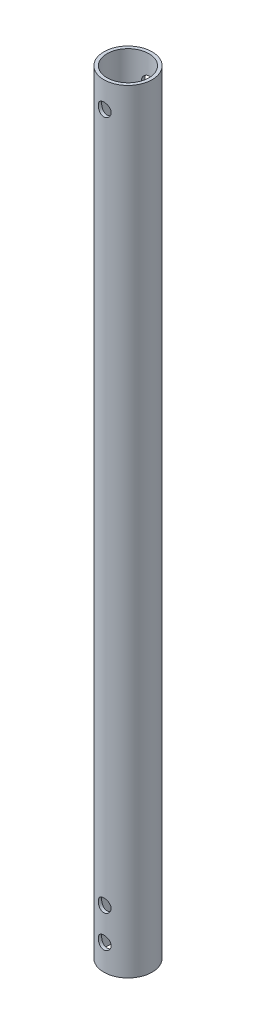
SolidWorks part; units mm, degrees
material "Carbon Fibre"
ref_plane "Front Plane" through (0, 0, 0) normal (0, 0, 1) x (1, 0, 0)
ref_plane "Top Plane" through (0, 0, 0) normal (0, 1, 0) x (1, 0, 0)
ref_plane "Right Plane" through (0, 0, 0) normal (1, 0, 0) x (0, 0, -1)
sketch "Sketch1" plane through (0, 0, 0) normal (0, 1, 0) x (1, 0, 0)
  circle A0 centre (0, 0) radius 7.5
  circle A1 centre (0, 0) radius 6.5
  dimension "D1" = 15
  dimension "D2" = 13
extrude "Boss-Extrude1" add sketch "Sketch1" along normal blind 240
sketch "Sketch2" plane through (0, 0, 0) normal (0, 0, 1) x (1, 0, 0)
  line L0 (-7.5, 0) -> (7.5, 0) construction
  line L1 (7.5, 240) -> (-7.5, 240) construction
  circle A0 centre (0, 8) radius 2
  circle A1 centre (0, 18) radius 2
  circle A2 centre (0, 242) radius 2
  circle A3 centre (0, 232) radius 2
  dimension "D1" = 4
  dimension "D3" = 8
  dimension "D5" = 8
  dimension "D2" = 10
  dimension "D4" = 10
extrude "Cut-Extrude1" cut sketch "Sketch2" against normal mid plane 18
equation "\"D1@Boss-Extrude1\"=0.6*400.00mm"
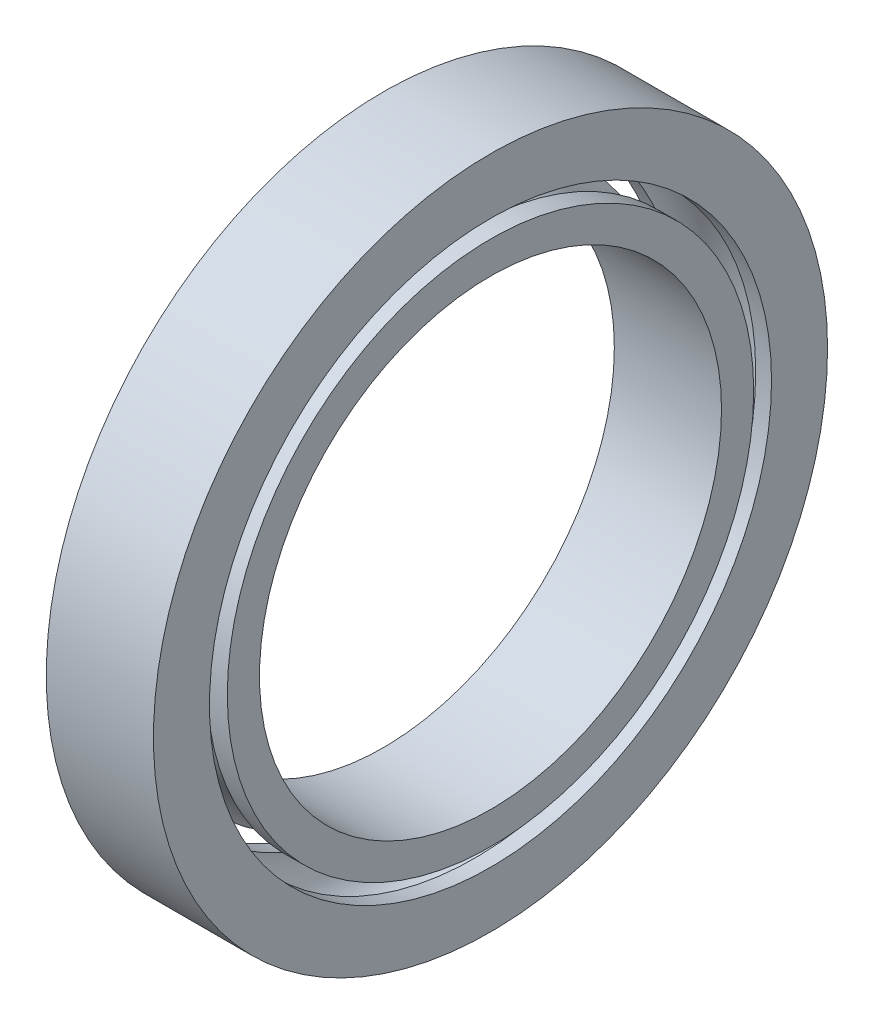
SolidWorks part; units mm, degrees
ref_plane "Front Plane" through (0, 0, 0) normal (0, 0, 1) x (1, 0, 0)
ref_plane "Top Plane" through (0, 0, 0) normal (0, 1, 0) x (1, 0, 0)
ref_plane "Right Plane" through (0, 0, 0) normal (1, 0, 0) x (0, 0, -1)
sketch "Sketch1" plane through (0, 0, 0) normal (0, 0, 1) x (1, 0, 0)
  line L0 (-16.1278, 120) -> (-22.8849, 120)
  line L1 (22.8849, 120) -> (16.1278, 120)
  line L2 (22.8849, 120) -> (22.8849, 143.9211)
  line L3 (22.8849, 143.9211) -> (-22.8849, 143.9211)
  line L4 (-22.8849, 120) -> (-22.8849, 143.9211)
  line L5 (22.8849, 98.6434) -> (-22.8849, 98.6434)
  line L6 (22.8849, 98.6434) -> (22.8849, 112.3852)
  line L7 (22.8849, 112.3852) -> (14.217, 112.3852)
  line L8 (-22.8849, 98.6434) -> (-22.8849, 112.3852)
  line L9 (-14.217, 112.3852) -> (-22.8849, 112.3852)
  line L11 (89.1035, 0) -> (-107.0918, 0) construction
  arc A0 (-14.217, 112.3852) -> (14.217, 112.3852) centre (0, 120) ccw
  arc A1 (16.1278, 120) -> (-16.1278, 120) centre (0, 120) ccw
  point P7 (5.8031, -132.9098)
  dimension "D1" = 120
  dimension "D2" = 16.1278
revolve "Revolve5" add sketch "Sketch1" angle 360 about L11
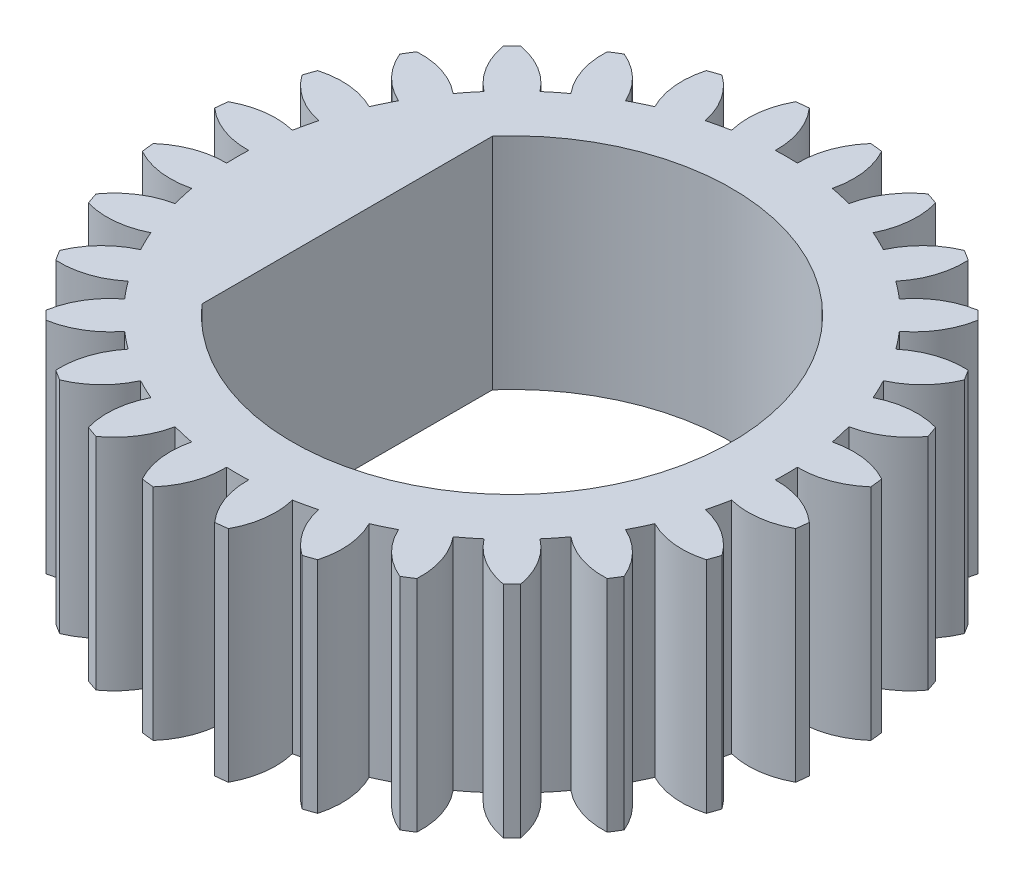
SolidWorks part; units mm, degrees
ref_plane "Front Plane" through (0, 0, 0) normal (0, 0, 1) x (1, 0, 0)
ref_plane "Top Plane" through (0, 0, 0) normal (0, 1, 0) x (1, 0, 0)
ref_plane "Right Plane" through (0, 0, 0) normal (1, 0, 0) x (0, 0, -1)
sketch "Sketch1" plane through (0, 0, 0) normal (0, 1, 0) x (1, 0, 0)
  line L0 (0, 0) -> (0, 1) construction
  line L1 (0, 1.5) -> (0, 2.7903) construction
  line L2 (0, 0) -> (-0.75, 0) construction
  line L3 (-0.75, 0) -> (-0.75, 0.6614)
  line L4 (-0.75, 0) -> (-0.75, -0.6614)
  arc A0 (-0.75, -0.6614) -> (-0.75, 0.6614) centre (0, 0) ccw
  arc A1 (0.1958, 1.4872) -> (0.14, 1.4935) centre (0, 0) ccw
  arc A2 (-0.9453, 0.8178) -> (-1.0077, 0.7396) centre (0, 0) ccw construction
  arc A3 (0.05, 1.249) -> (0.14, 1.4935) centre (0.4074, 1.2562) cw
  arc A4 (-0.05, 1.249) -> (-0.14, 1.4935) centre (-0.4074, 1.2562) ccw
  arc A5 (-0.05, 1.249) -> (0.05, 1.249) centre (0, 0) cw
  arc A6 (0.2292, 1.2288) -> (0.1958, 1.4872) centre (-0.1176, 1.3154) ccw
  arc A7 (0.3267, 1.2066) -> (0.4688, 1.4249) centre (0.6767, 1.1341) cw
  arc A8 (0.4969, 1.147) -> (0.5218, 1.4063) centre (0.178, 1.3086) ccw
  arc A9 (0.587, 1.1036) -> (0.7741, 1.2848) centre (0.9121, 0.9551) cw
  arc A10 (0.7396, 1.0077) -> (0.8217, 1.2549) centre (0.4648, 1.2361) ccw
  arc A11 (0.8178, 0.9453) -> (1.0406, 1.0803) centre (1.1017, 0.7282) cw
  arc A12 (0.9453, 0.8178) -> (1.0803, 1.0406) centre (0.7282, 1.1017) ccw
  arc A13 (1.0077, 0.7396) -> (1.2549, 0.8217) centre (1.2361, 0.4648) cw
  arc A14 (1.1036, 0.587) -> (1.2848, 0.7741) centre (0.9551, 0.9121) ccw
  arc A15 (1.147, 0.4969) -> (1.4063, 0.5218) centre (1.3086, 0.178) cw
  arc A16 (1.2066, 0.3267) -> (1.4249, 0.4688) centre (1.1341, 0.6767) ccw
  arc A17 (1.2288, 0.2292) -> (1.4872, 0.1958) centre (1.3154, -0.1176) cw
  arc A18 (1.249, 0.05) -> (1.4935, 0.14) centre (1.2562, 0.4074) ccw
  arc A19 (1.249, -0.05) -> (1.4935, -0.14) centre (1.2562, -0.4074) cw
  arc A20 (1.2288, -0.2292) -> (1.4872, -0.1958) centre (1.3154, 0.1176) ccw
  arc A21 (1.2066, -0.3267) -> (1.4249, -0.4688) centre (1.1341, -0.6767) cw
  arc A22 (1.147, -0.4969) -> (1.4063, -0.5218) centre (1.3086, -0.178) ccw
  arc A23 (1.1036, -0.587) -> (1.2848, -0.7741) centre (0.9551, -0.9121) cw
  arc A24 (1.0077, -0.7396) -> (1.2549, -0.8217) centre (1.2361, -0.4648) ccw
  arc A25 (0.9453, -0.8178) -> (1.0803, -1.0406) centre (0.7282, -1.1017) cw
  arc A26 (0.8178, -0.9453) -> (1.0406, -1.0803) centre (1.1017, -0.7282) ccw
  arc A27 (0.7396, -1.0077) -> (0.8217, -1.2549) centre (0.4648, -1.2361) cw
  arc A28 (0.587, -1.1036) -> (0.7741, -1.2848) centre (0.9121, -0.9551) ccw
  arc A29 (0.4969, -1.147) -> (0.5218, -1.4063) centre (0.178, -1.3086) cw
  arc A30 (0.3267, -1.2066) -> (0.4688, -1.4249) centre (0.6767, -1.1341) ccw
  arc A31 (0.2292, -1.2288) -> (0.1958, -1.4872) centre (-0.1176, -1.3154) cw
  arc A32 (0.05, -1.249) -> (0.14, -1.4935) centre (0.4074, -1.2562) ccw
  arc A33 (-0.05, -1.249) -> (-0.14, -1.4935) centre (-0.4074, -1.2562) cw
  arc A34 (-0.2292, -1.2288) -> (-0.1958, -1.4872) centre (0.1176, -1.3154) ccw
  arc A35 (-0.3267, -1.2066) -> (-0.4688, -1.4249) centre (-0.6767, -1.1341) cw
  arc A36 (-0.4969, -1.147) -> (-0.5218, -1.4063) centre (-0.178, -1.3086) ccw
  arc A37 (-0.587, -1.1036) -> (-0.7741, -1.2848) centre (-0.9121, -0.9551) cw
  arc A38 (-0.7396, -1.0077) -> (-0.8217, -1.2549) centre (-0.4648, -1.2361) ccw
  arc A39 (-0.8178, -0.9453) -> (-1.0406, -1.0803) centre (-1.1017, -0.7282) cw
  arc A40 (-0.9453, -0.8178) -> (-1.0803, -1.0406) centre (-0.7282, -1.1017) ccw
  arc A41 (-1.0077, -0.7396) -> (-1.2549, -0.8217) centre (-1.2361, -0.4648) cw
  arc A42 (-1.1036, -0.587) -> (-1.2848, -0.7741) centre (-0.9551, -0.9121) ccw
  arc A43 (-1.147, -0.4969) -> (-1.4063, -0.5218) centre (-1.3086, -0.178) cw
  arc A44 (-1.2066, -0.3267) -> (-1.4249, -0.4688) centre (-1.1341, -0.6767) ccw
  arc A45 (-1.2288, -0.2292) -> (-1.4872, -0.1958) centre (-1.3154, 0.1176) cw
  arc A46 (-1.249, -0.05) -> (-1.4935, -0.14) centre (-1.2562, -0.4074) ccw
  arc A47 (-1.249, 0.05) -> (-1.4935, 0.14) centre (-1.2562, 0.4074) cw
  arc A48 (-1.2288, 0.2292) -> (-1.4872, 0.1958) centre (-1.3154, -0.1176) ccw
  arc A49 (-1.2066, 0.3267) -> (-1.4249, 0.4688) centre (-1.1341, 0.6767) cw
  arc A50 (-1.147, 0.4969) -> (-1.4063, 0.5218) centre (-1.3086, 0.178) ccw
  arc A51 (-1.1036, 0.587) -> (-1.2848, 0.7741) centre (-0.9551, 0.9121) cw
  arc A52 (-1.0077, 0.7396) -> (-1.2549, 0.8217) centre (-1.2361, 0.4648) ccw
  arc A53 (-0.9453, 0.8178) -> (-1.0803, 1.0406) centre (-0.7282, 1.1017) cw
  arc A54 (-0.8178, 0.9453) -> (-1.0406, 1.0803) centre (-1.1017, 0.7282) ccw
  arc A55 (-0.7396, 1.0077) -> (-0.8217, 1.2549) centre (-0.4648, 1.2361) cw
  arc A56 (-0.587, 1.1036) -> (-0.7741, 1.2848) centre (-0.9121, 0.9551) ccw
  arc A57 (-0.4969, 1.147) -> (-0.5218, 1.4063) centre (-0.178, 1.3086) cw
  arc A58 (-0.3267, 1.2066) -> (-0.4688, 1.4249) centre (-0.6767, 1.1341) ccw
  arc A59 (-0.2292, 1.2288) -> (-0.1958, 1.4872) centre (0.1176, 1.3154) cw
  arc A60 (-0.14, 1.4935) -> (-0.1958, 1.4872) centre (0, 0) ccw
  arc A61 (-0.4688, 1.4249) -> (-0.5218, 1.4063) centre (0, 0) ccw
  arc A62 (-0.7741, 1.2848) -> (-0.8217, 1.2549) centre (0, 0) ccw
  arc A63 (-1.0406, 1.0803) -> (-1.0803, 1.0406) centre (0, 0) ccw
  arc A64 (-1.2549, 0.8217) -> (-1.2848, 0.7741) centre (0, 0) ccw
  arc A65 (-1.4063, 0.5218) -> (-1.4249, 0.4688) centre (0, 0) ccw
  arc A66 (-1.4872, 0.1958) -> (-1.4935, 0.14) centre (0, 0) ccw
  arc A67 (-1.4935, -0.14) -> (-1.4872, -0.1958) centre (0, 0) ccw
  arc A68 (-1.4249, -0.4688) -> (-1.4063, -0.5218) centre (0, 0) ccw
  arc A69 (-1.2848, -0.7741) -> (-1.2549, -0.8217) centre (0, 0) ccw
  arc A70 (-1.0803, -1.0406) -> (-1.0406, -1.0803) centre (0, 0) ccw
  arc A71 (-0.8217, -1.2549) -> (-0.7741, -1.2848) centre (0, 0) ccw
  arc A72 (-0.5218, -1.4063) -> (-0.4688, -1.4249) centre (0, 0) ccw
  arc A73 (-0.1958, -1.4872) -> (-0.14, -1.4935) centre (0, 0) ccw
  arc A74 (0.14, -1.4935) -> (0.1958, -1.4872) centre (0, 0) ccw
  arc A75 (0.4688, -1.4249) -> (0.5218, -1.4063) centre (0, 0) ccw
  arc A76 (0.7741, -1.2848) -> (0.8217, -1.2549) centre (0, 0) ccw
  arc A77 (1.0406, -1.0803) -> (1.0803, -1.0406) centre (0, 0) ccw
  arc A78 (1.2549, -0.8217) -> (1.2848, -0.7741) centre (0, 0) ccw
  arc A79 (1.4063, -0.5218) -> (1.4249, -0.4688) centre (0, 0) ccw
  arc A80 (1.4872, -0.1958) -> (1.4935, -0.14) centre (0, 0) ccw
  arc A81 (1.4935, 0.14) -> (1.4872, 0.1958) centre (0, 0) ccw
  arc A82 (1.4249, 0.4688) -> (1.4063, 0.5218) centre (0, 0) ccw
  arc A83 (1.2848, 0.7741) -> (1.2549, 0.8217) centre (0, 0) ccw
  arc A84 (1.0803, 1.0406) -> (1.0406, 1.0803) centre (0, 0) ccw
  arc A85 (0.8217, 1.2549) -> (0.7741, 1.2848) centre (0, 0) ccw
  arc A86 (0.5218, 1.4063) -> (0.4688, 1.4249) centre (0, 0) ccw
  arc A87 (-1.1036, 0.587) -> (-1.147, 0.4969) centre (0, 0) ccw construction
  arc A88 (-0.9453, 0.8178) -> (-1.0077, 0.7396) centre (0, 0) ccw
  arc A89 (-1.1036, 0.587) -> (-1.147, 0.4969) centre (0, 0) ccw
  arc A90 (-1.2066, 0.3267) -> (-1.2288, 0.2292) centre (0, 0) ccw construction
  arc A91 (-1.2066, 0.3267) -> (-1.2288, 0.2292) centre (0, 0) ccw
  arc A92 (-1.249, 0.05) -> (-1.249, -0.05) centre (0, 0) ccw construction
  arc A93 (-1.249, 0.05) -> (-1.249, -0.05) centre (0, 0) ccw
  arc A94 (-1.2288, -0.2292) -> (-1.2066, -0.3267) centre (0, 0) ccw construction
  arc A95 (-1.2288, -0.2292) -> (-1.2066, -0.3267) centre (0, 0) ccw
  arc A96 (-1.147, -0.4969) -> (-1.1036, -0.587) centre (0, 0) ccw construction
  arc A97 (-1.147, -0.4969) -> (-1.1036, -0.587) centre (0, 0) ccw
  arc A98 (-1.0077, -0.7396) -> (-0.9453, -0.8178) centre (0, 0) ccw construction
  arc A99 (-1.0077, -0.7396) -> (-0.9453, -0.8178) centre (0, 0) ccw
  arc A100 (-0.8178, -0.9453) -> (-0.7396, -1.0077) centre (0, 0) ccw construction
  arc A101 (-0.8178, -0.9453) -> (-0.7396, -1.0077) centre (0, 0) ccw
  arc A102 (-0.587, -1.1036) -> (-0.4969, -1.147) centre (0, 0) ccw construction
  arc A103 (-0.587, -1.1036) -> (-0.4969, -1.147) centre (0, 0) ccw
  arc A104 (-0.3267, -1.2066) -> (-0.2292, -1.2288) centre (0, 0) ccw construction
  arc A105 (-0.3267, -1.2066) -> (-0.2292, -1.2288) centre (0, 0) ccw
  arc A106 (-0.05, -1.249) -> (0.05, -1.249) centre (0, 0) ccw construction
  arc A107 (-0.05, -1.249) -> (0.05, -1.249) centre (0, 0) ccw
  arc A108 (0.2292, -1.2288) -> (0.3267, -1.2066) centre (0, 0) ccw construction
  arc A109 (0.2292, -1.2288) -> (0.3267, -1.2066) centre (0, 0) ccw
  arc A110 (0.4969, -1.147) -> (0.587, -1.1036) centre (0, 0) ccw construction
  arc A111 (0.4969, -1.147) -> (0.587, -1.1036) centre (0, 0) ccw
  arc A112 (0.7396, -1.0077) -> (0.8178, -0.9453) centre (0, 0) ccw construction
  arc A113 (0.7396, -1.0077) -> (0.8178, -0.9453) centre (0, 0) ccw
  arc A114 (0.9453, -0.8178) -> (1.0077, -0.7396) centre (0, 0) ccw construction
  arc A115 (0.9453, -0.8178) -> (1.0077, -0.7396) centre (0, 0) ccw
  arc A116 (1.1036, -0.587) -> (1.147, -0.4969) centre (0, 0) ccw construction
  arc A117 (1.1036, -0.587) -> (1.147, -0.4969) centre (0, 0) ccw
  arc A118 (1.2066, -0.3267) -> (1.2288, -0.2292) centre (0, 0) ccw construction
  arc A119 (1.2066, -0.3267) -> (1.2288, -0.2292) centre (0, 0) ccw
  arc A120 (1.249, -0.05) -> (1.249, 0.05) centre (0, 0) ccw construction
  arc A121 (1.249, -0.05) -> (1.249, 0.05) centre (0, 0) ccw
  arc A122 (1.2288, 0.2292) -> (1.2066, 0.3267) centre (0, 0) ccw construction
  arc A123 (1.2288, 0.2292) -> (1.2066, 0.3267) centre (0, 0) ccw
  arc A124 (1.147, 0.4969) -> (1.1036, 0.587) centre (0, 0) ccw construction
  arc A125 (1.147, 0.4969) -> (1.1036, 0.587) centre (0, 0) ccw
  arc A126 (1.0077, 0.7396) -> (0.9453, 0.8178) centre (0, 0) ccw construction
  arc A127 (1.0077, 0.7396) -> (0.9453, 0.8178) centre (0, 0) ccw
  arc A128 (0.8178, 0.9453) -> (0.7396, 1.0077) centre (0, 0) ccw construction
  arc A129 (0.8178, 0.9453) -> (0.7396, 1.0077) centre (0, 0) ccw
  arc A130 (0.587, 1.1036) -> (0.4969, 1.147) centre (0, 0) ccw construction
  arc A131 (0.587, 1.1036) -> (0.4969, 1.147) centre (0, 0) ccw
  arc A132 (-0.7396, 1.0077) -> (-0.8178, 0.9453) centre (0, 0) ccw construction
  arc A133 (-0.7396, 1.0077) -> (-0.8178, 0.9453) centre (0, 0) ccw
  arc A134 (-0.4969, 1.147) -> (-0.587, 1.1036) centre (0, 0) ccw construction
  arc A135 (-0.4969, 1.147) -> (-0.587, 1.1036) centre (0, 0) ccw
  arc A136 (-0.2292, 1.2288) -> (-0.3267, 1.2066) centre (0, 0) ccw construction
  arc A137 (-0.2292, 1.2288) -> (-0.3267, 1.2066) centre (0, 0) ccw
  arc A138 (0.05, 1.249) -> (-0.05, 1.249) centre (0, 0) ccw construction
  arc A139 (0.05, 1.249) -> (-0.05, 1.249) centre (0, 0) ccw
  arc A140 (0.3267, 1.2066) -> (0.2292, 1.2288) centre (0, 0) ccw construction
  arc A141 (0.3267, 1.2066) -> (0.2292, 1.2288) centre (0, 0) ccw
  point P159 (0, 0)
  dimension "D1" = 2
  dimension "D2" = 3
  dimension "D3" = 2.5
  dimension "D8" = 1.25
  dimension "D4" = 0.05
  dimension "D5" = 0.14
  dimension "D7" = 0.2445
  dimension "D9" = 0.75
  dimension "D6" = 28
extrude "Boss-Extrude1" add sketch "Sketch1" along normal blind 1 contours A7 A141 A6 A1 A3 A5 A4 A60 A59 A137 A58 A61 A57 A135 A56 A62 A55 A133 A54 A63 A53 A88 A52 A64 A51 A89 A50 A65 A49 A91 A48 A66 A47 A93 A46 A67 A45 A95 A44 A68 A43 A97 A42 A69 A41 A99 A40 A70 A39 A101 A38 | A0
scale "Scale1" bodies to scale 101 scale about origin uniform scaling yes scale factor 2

▶ Exercise prompt
Out of the data above, transcribe exactly and only the lines starting with the line that has "arc A80 (1.4872, -0.1958)" and going on through the line that has "arc A89 (-1.1036, 0.587)", both included.

▶ Task result
  arc A80 (1.4872, -0.1958) -> (1.4935, -0.14) centre (0, 0) ccw
  arc A81 (1.4935, 0.14) -> (1.4872, 0.1958) centre (0, 0) ccw
  arc A82 (1.4249, 0.4688) -> (1.4063, 0.5218) centre (0, 0) ccw
  arc A83 (1.2848, 0.7741) -> (1.2549, 0.8217) centre (0, 0) ccw
  arc A84 (1.0803, 1.0406) -> (1.0406, 1.0803) centre (0, 0) ccw
  arc A85 (0.8217, 1.2549) -> (0.7741, 1.2848) centre (0, 0) ccw
  arc A86 (0.5218, 1.4063) -> (0.4688, 1.4249) centre (0, 0) ccw
  arc A87 (-1.1036, 0.587) -> (-1.147, 0.4969) centre (0, 0) ccw construction
  arc A88 (-0.9453, 0.8178) -> (-1.0077, 0.7396) centre (0, 0) ccw
  arc A89 (-1.1036, 0.587) -> (-1.147, 0.4969) centre (0, 0) ccw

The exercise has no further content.